Extract every record, keeping each one exactly as it is.

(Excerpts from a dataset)
----------

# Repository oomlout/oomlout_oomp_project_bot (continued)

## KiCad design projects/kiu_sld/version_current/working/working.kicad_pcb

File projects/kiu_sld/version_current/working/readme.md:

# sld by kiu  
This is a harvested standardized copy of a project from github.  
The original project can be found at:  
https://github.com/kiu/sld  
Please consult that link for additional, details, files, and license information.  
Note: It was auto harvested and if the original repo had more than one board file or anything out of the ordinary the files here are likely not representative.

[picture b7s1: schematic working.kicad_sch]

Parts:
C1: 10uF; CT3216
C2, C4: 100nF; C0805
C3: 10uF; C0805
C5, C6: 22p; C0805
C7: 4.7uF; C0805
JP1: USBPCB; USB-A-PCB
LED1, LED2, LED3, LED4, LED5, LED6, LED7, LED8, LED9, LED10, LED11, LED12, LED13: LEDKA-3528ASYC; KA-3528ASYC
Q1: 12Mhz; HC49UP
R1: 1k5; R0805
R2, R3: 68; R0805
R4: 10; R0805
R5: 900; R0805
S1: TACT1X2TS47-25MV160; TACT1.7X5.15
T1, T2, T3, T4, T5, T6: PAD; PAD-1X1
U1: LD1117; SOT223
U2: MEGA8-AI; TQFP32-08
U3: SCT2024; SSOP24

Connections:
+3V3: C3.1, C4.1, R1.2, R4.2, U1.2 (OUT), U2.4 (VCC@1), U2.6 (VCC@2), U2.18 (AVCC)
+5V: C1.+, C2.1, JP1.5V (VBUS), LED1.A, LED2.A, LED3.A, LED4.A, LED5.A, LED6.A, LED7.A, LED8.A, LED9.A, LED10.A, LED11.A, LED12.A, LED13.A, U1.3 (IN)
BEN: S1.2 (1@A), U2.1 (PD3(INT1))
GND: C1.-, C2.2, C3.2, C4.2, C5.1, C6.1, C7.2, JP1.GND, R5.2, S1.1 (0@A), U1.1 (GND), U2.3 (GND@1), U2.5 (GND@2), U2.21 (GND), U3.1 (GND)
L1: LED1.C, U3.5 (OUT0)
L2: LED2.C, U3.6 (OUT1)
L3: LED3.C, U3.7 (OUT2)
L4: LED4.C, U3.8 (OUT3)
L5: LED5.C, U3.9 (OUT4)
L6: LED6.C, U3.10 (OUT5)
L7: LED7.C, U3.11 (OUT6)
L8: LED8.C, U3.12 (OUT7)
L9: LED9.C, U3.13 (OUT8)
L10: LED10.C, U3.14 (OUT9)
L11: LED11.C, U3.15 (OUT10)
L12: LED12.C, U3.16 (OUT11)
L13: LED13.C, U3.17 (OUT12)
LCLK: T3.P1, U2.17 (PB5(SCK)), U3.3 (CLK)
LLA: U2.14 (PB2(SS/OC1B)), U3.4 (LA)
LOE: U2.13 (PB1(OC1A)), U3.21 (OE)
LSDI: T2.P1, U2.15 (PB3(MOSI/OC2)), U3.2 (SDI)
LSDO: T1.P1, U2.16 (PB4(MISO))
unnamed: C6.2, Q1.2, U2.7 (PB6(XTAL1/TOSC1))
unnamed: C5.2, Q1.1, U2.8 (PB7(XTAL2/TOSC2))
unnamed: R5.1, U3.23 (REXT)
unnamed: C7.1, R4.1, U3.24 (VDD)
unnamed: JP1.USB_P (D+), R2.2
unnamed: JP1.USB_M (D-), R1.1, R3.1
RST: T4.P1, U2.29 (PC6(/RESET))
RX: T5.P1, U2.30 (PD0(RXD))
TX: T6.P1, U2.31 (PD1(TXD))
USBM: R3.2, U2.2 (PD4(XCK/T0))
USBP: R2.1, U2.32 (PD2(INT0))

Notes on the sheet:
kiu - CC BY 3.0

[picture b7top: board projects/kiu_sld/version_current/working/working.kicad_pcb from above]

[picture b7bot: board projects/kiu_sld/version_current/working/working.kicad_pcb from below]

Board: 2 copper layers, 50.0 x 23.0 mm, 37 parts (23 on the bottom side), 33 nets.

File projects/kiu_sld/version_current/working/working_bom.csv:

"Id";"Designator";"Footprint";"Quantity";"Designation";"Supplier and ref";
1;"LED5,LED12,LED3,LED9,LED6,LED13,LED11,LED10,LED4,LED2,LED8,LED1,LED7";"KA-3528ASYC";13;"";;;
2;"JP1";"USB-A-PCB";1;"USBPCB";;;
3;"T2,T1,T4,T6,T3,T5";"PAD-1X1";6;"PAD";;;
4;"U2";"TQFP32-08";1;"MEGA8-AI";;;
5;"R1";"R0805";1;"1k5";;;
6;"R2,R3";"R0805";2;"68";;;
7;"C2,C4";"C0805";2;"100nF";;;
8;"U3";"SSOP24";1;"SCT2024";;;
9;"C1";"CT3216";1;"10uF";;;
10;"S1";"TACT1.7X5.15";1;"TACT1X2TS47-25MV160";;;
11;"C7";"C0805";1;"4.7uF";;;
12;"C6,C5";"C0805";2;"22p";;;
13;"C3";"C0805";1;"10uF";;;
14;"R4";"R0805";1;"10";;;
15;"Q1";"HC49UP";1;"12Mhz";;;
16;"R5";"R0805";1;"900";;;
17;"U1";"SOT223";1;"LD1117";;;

----------

**Answer to this task**
# Repository oomlout/oomlout_oomp_project_bot (continued)

## KiCad design projects/kiu_sld/version_current/working/working.kicad_pcb

File projects/kiu_sld/version_current/working/readme.md:

# sld by kiu  
This is a harvested standardized copy of a project from github.  
The original project can be found at:  
https://github.com/kiu/sld  
Please consult that link for additional, details, files, and license information.  
Note: It was auto harvested and if the original repo had more than one board file or anything out of the ordinary the files here are likely not representative.

[picture b7s1: schematic working.kicad_sch]

Parts:
C1: 10uF; CT3216
C2, C4: 100nF; C0805
C3: 10uF; C0805
C5, C6: 22p; C0805
C7: 4.7uF; C0805
JP1: USBPCB; USB-A-PCB
LED1, LED2, LED3, LED4, LED5, LED6, LED7, LED8, LED9, LED10, LED11, LED12, LED13: LEDKA-3528ASYC; KA-3528ASYC
Q1: 12Mhz; HC49UP
R1: 1k5; R0805
R2, R3: 68; R0805
R4: 10; R0805
R5: 900; R0805
S1: TACT1X2TS47-25MV160; TACT1.7X5.15
T1, T2, T3, T4, T5, T6: PAD; PAD-1X1
U1: LD1117; SOT223
U2: MEGA8-AI; TQFP32-08
U3: SCT2024; SSOP24

Connections:
+3V3: C3.1, C4.1, R1.2, R4.2, U1.2 (OUT), U2.4 (VCC@1), U2.6 (VCC@2), U2.18 (AVCC)
+5V: C1.+, C2.1, JP1.5V (VBUS), LED1.A, LED2.A, LED3.A, LED4.A, LED5.A, LED6.A, LED7.A, LED8.A, LED9.A, LED10.A, LED11.A, LED12.A, LED13.A, U1.3 (IN)
BEN: S1.2 (1@A), U2.1 (PD3(INT1))
GND: C1.-, C2.2, C3.2, C4.2, C5.1, C6.1, C7.2, JP1.GND, R5.2, S1.1 (0@A), U1.1 (GND), U2.3 (GND@1), U2.5 (GND@2), U2.21 (GND), U3.1 (GND)
L1: LED1.C, U3.5 (OUT0)
L2: LED2.C, U3.6 (OUT1)
L3: LED3.C, U3.7 (OUT2)
L4: LED4.C, U3.8 (OUT3)
L5: LED5.C, U3.9 (OUT4)
L6: LED6.C, U3.10 (OUT5)
L7: LED7.C, U3.11 (OUT6)
L8: LED8.C, U3.12 (OUT7)
L9: LED9.C, U3.13 (OUT8)
L10: LED10.C, U3.14 (OUT9)
L11: LED11.C, U3.15 (OUT10)
L12: LED12.C, U3.16 (OUT11)
L13: LED13.C, U3.17 (OUT12)
LCLK: T3.P1, U2.17 (PB5(SCK)), U3.3 (CLK)
LLA: U2.14 (PB2(SS/OC1B)), U3.4 (LA)
LOE: U2.13 (PB1(OC1A)), U3.21 (OE)
LSDI: T2.P1, U2.15 (PB3(MOSI/OC2)), U3.2 (SDI)
LSDO: T1.P1, U2.16 (PB4(MISO))
unnamed: C6.2, Q1.2, U2.7 (PB6(XTAL1/TOSC1))
unnamed: C5.2, Q1.1, U2.8 (PB7(XTAL2/TOSC2))
unnamed: R5.1, U3.23 (REXT)
unnamed: C7.1, R4.1, U3.24 (VDD)
unnamed: JP1.USB_P (D+), R2.2
unnamed: JP1.USB_M (D-), R1.1, R3.1
RST: T4.P1, U2.29 (PC6(/RESET))
RX: T5.P1, U2.30 (PD0(RXD))
TX: T6.P1, U2.31 (PD1(TXD))
USBM: R3.2, U2.2 (PD4(XCK/T0))
USBP: R2.1, U2.32 (PD2(INT0))

Notes on the sheet:
kiu - CC BY 3.0

[picture b7top: board projects/kiu_sld/version_current/working/working.kicad_pcb from above]

[picture b7bot: board projects/kiu_sld/version_current/working/working.kicad_pcb from below]

Board: 2 copper layers, 50.0 x 23.0 mm, 37 parts (23 on the bottom side), 33 nets.

File projects/kiu_sld/version_current/working/working_bom.csv:

"Id";"Designator";"Footprint";"Quantity";"Designation";"Supplier and ref";
1;"LED5,LED12,LED3,LED9,LED6,LED13,LED11,LED10,LED4,LED2,LED8,LED1,LED7";"KA-3528ASYC";13;"";;;
2;"JP1";"USB-A-PCB";1;"USBPCB";;;
3;"T2,T1,T4,T6,T3,T5";"PAD-1X1";6;"PAD";;;
4;"U2";"TQFP32-08";1;"MEGA8-AI";;;
5;"R1";"R0805";1;"1k5";;;
6;"R2,R3";"R0805";2;"68";;;
7;"C2,C4";"C0805";2;"100nF";;;
8;"U3";"SSOP24";1;"SCT2024";;;
9;"C1";"CT3216";1;"10uF";;;
10;"S1";"TACT1.7X5.15";1;"TACT1X2TS47-25MV160";;;
11;"C7";"C0805";1;"4.7uF";;;
12;"C6,C5";"C0805";2;"22p";;;
13;"C3";"C0805";1;"10uF";;;
14;"R4";"R0805";1;"10";;;
15;"Q1";"HC49UP";1;"12Mhz";;;
16;"R5";"R0805";1;"900";;;
17;"U1";"SOT223";1;"LD1117";;;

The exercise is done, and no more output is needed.